→ Records drawn from a dataset:
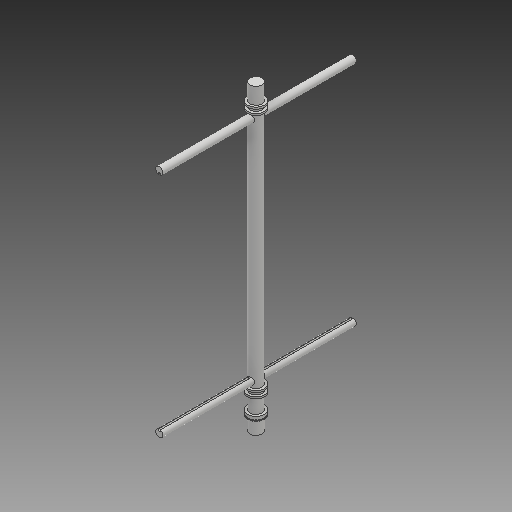
# Autodesk Inventor part: CentralBeam
Saved by Autodesk Inventor 2018 (Build 220112000, 112)
## iProperties
Created: 2016-02-23
Part Number: CentralBeam
Material: Generic
Document SubType Name: Modeling
Designer: Tore Den Store
Density: 1 g/cm^3
Appearance: Default
Author: Tore Den Store
Autodesk Inventor part; units mm, degrees
sketch "Sketch1" plane through (0, 0, 0) normal (0, 0, 1) x (1, 0, 0)
  circle A0 centre (0, 0) radius 50
  dimension "d0" = 100
  constraints: 1 centre point, 1 coincident
  measures "d0" diameter of A0
extrude "Extrusion1" add sketch "Sketch1" along normal blind 3500
ref_plane "Work Plane1" through (0, 0, 1750) normal (0, 0, -1) x (-1, 0, 0)
sketch "Sketch7" plane through (0, 0, 1750) normal (0, 0, -1) x (-1, 0, 0)
  circle A0 centre (0, 0) radius 50
  circle A1 centre (0, 0) radius 70
  constraints: 2 centre point
extrude "Extrusion6" add sketch "Sketch7" along normal blind 25
sketch "Sketch8" plane through (0, 0, 1725) normal (0, 0, -1) x (-1, 0, 0)
  circle A0 centre (0, 0) radius 70
  circle A1 centre (0, 0) radius 50
  line L0 (0, 0) -> (-2.7482, 69.946)
  line L1 (0, 0) -> (2.7482, 69.946)
  line L2 (0, 0) -> (0, 69.7958) construction
  dimension "d24" = 4.5
  dimension "d25" = 2.25
  constraints: 6 end point, 2 centre point, 2 point on circle, 1 vertical
  measures "d24" angle of L1 L0
  measures "d25" angle of L0 L2
extrude "Extrusion7" add sketch "Sketch8" along normal blind 10 contours L1 A1 L0 A0 | L1 L0 A1 picked at (0.2182, 63.3279) picked at (0, 33.3305)
ref_plane "Work Plane7" through (0, 70, 1877.5) normal (0, 1, 0) x (-1, 0, 0)
pattern_circular "Circular Pattern2" count 40 over 360 about axis through (0, 0, 0) along (0, 0, 1) of "Extrusion7"
sketch "Sketch11" plane through (0, 70, 1877.5) normal (0, 1, 0) x (-1, 0, 0)
  line L0 (0.9283, -162.5) -> (2.7482, -157.5)
  line L1 (-0.9283, -162.5) -> (-2.7482, -157.5)
  line L2 (-2.7482, -162.5) -> (2.7482, -162.5) projected
  line L3 (2.7482, -157.5) -> (2.7482, -162.5)
  line L4 (2.7482, -162.5) -> (0.9283, -162.5)
  line L5 (-2.7482, -152.5) -> (-2.7482, -162.5) projected
  line L6 (-2.7482, -157.5) -> (-2.7482, -162.5)
  line L7 (-2.7482, -162.5) -> (-0.9283, -162.5)
  point P0 (0, -1877.5)
  point P1 (2.7482, -152.5)
  dimension "d49" = 5
  dimension "d50" = 5
  dimension "d51" = 20
  dimension "d52" = 20
  constraints: 12 end point, 2 vertical, 1 collinear, 1 perpendicular
  measures "d49" distance of L5.start L1.end
  measures "d50" distance of point (2.748, -152.5) L0.end
  measures "d51" angle of L0 L3
  measures "d52" angle of L5 L1
extrude "Extrusion10" cut sketch "Sketch11" against normal up to surface round surface about axis through (0, 0, 0) along (0, 0, 1) radius 50 far side no
pattern_circular "Circular Pattern3" count 40 over 360 about axis through (0, 0, 0) along (0, 0, 1) of "Extrusion10"
ref_plane "Work Plane16" through (0, 0, 1890) normal (0, 0, 1) x (1, 0, 0)
sketch "Sketch16" plane through (0, 0, 1890) normal (0, 0, 1) x (1, 0, 0)
  circle A0 centre (0, 0) radius 50 projected
  circle A1 centre (0, 0) radius 70
  dimension "d78" = 140
  constraints: 1 centre point, 1 coincident
  measures "d78" diameter of A1
extrude "Extrusion13" add sketch "Sketch16" against normal blind 15
ref_plane "Work Plane17" through (0, 0, 1905) normal (0, 0, 1) x (1, 0, 0)
mirror "Mirror7" about plane through (0, 0, 1905) normal (0, 0, 1) of "Extrusion13"
sketch "Sketch17" plane through (0, 0, 0) normal (0, 0, -1) x (-1, 0, 0)
  circle A0 centre (0, 0) radius 50 projected
extrude "Extrusion14" cut sketch "Sketch17" against normal blind 1600
ref_plane "Work Plane18" through (0, 0, 2920) normal (0, 0, -1) x (-1, 0, 0)
mirror "Mirror8" about plane through (0, 0, 2920) normal (0, 0, -1) of "Extrusion13", "Mirror7"
sketch "Sketch18" plane through (0, 0, 3500) normal (0, 0, 1) x (1, 0, 0)
  circle A0 centre (0, 0) radius 50 projected
extrude "Extrusion15" add sketch "Sketch18" along normal blind 600
sketch "Sketch5" plane through (0, 0, 0) normal (0, 1, 0) x (-1, 0, 0)
  circle A0 centre (0, 3860) radius 30
  line L0 (50, 0) -> (50, 3500) projected
  line L1 (-70, 3905) -> (70, 3905) projected
  point P0 (0, 0)
  dimension "d12" = 60
  dimension "d13" = 50
  dimension "d88" = 45
  constraints: 1 centre point
  measures "d12" diameter of A0
  measures "d13" distance from line of L0 A0.centre
  measures "d88" distance from line of L1 A0.centre
extrude "Extrusion4" add sketch "Sketch5" along normal mid plane 1600
sketch "Sketch6" plane through (0, -800, 3860) normal (0, -1, 0) x (1, 0, 0)
  arc A0 (6.9586, -29.1818) -> (-6.9586, -29.1818) centre (0, -22) ccw
  circle A1 centre (0, 0) radius 30 projected
  arc A2 (-6.9586, -29.1818) -> (6.9586, -29.1818) centre (0, -22) ccw construction
  point P0 (0, -3860)
  dimension "d17" = 20
  dimension "d18" = 22
  constraints: 6 point on circle, 2 centre point
  measures "d17" diameter of A0
  measures "d18" distance of A0.centre A1.centre
extrude "Extrusion5" cut sketch "Sketch6" against normal up to surface contours A1 A0 round surface about axis through (0, 0, 0) along (0, 0, 1) radius 50 far side no picked at (-0.4151, -23.9651)
fillet "Fillet1" radius 0.5 2 edges at (-6.9586, -424.7567, 3830.8182) (6.9586, -424.7567, 3830.8182)
mirror "Mirror2" about plane through (0, 0, 0) normal (0, 1, 0) of "Extrusion5", "Fillet1"
mirror "Mirror9" about plane through (0, 0, 2920) normal (0, 0, -1) of "Extrusion4", "Extrusion5", "Fillet1", "Mirror2"
equation "\"d50\" = d49"
equation "\"d52\" = d51"
body "Solid1"

→ Your objective:
Retype exactly, and only, the lines above from the one where "line L3 (2.7482, -157.5)" occurs up to and including the one where "plane through (0, 0, 1890)" occurs.

→ Task result:
  line L3 (2.7482, -157.5) -> (2.7482, -162.5)
  line L4 (2.7482, -162.5) -> (0.9283, -162.5)
  line L5 (-2.7482, -152.5) -> (-2.7482, -162.5) projected
  line L6 (-2.7482, -157.5) -> (-2.7482, -162.5)
  line L7 (-2.7482, -162.5) -> (-0.9283, -162.5)
  point P0 (0, -1877.5)
  point P1 (2.7482, -152.5)
  dimension "d49" = 5
  dimension "d50" = 5
  dimension "d51" = 20
  dimension "d52" = 20
  constraints: 12 end point, 2 vertical, 1 collinear, 1 perpendicular
  measures "d49" distance of L5.start L1.end
  measures "d50" distance of point (2.748, -152.5) L0.end
  measures "d51" angle of L0 L3
  measures "d52" angle of L5 L1
extrude "Extrusion10" cut sketch "Sketch11" against normal up to surface round surface about axis through (0, 0, 0) along (0, 0, 1) radius 50 far side no
pattern_circular "Circular Pattern3" count 40 over 360 about axis through (0, 0, 0) along (0, 0, 1) of "Extrusion10"
ref_plane "Work Plane16" through (0, 0, 1890) normal (0, 0, 1) x (1, 0, 0)
sketch "Sketch16" plane through (0, 0, 1890) normal (0, 0, 1) x (1, 0, 0)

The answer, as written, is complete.